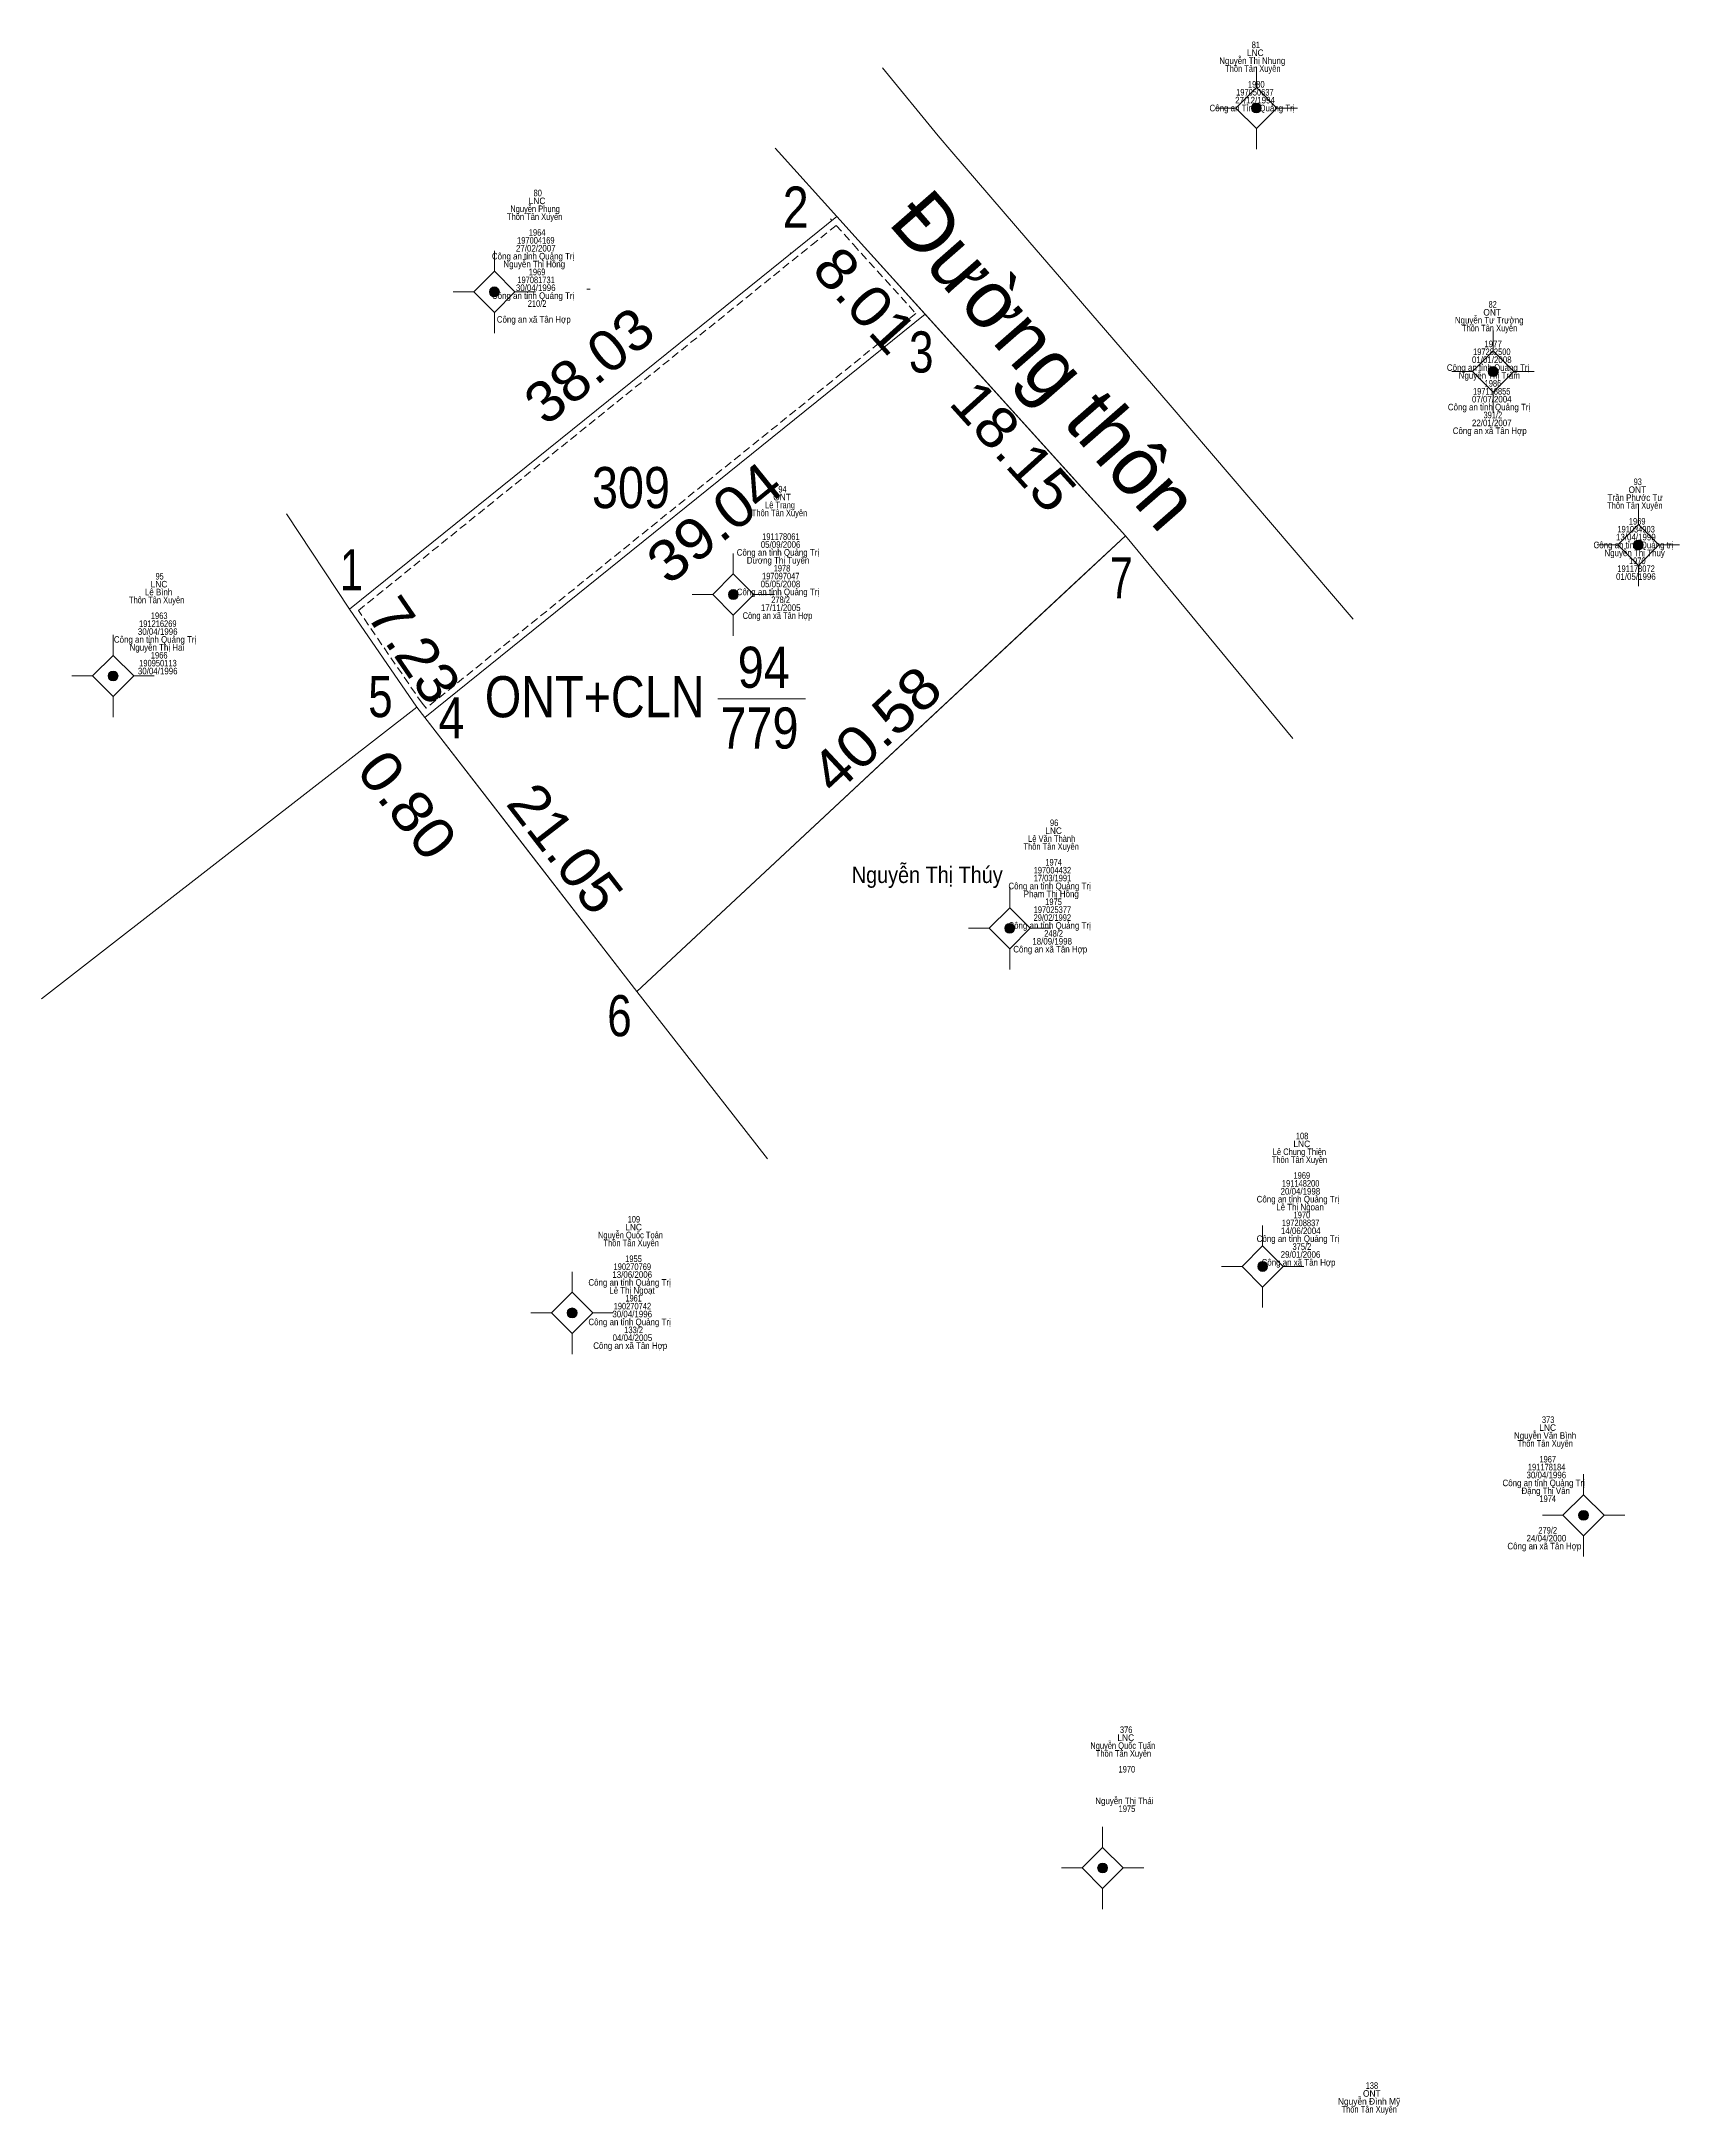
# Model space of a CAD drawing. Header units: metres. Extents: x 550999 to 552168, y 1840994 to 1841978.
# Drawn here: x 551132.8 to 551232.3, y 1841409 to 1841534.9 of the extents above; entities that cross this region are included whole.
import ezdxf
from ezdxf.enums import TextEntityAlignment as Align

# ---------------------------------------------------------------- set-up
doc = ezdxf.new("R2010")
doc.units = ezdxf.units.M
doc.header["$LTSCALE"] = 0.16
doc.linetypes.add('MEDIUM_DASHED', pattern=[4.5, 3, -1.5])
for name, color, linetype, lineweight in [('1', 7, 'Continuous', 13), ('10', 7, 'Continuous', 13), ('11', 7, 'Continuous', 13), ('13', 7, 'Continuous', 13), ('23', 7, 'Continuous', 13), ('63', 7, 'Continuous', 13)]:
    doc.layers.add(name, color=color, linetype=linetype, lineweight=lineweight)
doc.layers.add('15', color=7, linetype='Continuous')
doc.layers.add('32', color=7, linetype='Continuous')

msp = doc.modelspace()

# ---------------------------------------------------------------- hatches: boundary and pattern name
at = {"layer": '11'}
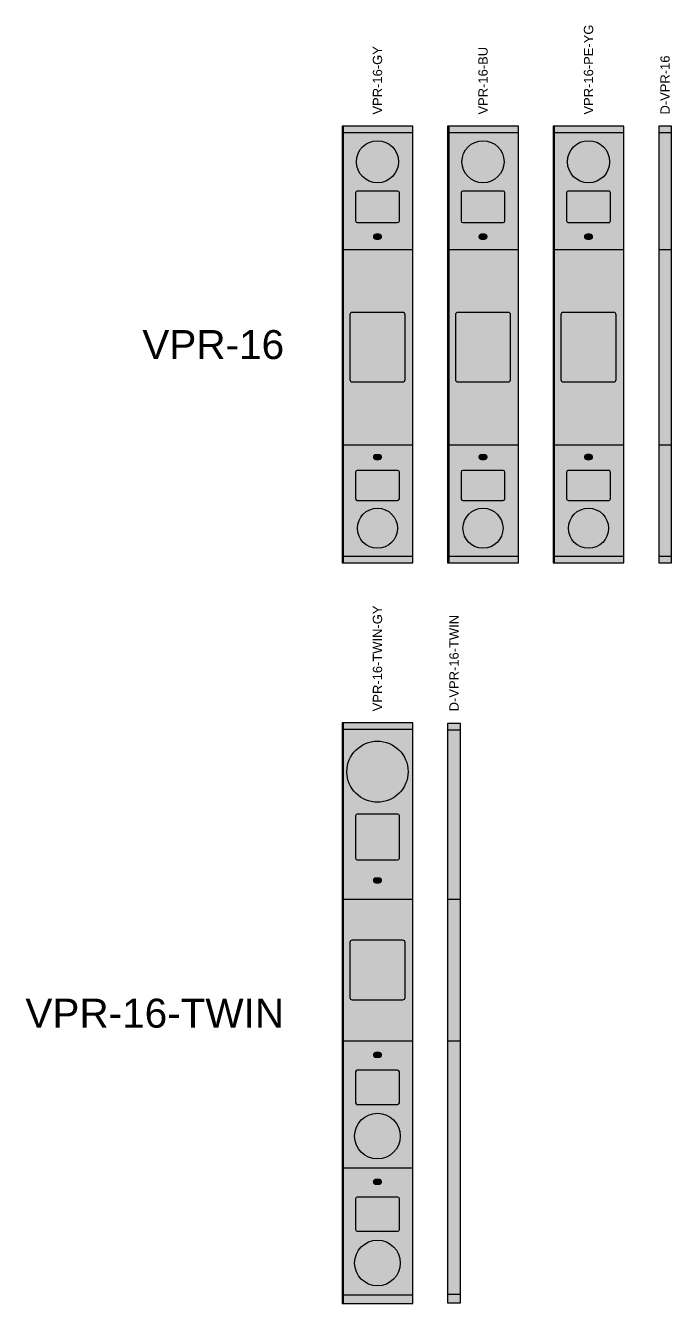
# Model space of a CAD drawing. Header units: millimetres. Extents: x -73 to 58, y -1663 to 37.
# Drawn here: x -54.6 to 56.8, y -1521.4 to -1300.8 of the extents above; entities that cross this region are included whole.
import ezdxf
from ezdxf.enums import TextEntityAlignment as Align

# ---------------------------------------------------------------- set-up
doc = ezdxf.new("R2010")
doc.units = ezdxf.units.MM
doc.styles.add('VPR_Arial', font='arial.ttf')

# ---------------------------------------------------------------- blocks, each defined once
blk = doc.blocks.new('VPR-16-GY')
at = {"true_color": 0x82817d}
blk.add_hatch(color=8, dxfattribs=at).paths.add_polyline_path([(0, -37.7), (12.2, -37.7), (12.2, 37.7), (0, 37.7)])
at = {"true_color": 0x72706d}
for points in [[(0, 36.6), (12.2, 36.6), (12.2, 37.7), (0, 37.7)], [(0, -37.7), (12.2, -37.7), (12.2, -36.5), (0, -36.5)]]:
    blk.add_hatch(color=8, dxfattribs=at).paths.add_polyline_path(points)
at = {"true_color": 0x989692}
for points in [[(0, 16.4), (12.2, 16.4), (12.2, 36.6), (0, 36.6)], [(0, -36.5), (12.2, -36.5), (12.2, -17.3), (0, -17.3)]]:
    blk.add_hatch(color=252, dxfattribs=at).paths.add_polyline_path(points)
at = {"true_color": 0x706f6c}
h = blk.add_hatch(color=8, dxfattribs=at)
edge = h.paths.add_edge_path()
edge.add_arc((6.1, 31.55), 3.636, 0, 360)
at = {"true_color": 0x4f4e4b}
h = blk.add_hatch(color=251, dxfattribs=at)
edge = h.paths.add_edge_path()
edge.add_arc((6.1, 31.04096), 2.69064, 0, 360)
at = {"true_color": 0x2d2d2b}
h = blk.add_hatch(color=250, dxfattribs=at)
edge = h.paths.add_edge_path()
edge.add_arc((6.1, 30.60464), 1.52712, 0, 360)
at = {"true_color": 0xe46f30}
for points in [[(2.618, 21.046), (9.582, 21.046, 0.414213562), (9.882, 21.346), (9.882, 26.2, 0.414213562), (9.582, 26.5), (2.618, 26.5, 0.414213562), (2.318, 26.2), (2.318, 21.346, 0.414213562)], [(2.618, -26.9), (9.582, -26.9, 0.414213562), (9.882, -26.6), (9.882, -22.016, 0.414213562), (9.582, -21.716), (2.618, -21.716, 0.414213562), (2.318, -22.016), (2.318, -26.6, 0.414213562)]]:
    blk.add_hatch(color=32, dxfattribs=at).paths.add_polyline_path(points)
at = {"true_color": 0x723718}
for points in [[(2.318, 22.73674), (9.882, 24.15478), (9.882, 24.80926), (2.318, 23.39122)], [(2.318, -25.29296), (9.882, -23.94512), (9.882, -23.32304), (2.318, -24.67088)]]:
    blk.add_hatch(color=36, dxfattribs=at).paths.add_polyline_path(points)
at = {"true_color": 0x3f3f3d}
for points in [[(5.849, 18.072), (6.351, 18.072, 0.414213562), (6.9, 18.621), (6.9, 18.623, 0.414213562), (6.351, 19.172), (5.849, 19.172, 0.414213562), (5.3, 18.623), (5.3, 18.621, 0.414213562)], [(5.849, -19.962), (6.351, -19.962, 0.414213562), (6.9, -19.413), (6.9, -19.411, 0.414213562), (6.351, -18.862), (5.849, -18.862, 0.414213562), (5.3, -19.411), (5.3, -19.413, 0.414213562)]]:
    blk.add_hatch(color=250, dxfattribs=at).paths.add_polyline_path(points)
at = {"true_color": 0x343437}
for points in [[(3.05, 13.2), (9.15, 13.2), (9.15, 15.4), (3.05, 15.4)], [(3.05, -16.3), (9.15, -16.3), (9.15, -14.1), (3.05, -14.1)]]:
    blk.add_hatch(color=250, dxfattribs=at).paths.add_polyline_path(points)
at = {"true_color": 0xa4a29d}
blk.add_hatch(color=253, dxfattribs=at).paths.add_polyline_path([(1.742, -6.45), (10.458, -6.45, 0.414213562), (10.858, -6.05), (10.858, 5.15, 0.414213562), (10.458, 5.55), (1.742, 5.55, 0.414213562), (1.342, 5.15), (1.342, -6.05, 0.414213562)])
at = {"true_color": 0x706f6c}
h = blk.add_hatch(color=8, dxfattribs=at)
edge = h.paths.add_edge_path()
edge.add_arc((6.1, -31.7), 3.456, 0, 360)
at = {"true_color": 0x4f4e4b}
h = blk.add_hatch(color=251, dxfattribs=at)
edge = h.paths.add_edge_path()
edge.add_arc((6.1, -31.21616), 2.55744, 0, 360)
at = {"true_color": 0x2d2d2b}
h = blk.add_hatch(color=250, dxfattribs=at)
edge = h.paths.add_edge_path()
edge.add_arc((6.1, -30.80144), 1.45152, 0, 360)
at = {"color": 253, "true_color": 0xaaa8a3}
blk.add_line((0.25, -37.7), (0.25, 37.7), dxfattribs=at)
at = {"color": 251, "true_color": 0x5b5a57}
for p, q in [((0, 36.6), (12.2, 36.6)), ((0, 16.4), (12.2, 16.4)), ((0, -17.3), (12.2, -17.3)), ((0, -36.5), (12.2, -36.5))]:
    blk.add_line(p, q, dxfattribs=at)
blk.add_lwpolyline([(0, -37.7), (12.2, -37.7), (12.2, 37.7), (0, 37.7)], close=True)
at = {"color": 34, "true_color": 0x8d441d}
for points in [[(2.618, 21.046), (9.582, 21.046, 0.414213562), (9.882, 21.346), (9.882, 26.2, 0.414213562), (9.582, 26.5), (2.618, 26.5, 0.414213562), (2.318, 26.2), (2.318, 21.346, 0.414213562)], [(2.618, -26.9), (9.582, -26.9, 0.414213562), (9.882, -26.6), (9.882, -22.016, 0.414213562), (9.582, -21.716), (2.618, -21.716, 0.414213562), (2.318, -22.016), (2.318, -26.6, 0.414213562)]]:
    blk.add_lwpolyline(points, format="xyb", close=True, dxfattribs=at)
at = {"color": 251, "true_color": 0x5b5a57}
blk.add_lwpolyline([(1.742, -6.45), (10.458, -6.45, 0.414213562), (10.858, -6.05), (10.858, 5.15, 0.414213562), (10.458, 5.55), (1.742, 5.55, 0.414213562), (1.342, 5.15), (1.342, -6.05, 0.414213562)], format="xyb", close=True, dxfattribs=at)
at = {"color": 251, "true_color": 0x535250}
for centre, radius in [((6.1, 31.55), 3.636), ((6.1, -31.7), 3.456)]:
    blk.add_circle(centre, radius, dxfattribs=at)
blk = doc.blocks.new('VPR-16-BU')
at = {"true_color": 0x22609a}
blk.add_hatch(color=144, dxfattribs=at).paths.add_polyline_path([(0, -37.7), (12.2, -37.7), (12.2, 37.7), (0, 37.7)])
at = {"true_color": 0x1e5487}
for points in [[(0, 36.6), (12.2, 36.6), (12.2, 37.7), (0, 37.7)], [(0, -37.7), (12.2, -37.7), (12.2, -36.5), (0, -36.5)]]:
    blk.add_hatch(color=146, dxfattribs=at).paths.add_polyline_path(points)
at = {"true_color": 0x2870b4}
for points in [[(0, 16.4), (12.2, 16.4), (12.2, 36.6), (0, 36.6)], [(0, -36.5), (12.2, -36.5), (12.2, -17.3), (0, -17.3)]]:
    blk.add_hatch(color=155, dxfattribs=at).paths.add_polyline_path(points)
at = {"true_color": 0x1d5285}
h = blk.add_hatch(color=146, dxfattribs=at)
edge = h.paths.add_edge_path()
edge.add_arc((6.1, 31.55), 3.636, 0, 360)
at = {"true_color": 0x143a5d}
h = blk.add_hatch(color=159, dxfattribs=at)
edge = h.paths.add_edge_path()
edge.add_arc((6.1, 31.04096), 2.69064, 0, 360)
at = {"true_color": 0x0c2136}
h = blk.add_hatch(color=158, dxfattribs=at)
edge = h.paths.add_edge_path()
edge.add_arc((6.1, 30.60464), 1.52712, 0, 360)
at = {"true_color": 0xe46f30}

# Exercise aim
Output, unchanged, the lines from the line with "blk.add_circle(centre, radius, dxfattribs=at)" through the final line of the material.

# The completed task
    blk.add_circle(centre, radius, dxfattribs=at)
blk = doc.blocks.new('VPR-16-BU')
at = {"true_color": 0x22609a}
blk.add_hatch(color=144, dxfattribs=at).paths.add_polyline_path([(0, -37.7), (12.2, -37.7), (12.2, 37.7), (0, 37.7)])
at = {"true_color": 0x1e5487}
for points in [[(0, 36.6), (12.2, 36.6), (12.2, 37.7), (0, 37.7)], [(0, -37.7), (12.2, -37.7), (12.2, -36.5), (0, -36.5)]]:
    blk.add_hatch(color=146, dxfattribs=at).paths.add_polyline_path(points)
at = {"true_color": 0x2870b4}
for points in [[(0, 16.4), (12.2, 16.4), (12.2, 36.6), (0, 36.6)], [(0, -36.5), (12.2, -36.5), (12.2, -17.3), (0, -17.3)]]:
    blk.add_hatch(color=155, dxfattribs=at).paths.add_polyline_path(points)
at = {"true_color": 0x1d5285}
h = blk.add_hatch(color=146, dxfattribs=at)
edge = h.paths.add_edge_path()
edge.add_arc((6.1, 31.55), 3.636, 0, 360)
at = {"true_color": 0x143a5d}
h = blk.add_hatch(color=159, dxfattribs=at)
edge = h.paths.add_edge_path()
edge.add_arc((6.1, 31.04096), 2.69064, 0, 360)
at = {"true_color": 0x0c2136}
h = blk.add_hatch(color=158, dxfattribs=at)
edge = h.paths.add_edge_path()
edge.add_arc((6.1, 30.60464), 1.52712, 0, 360)
at = {"true_color": 0xe46f30}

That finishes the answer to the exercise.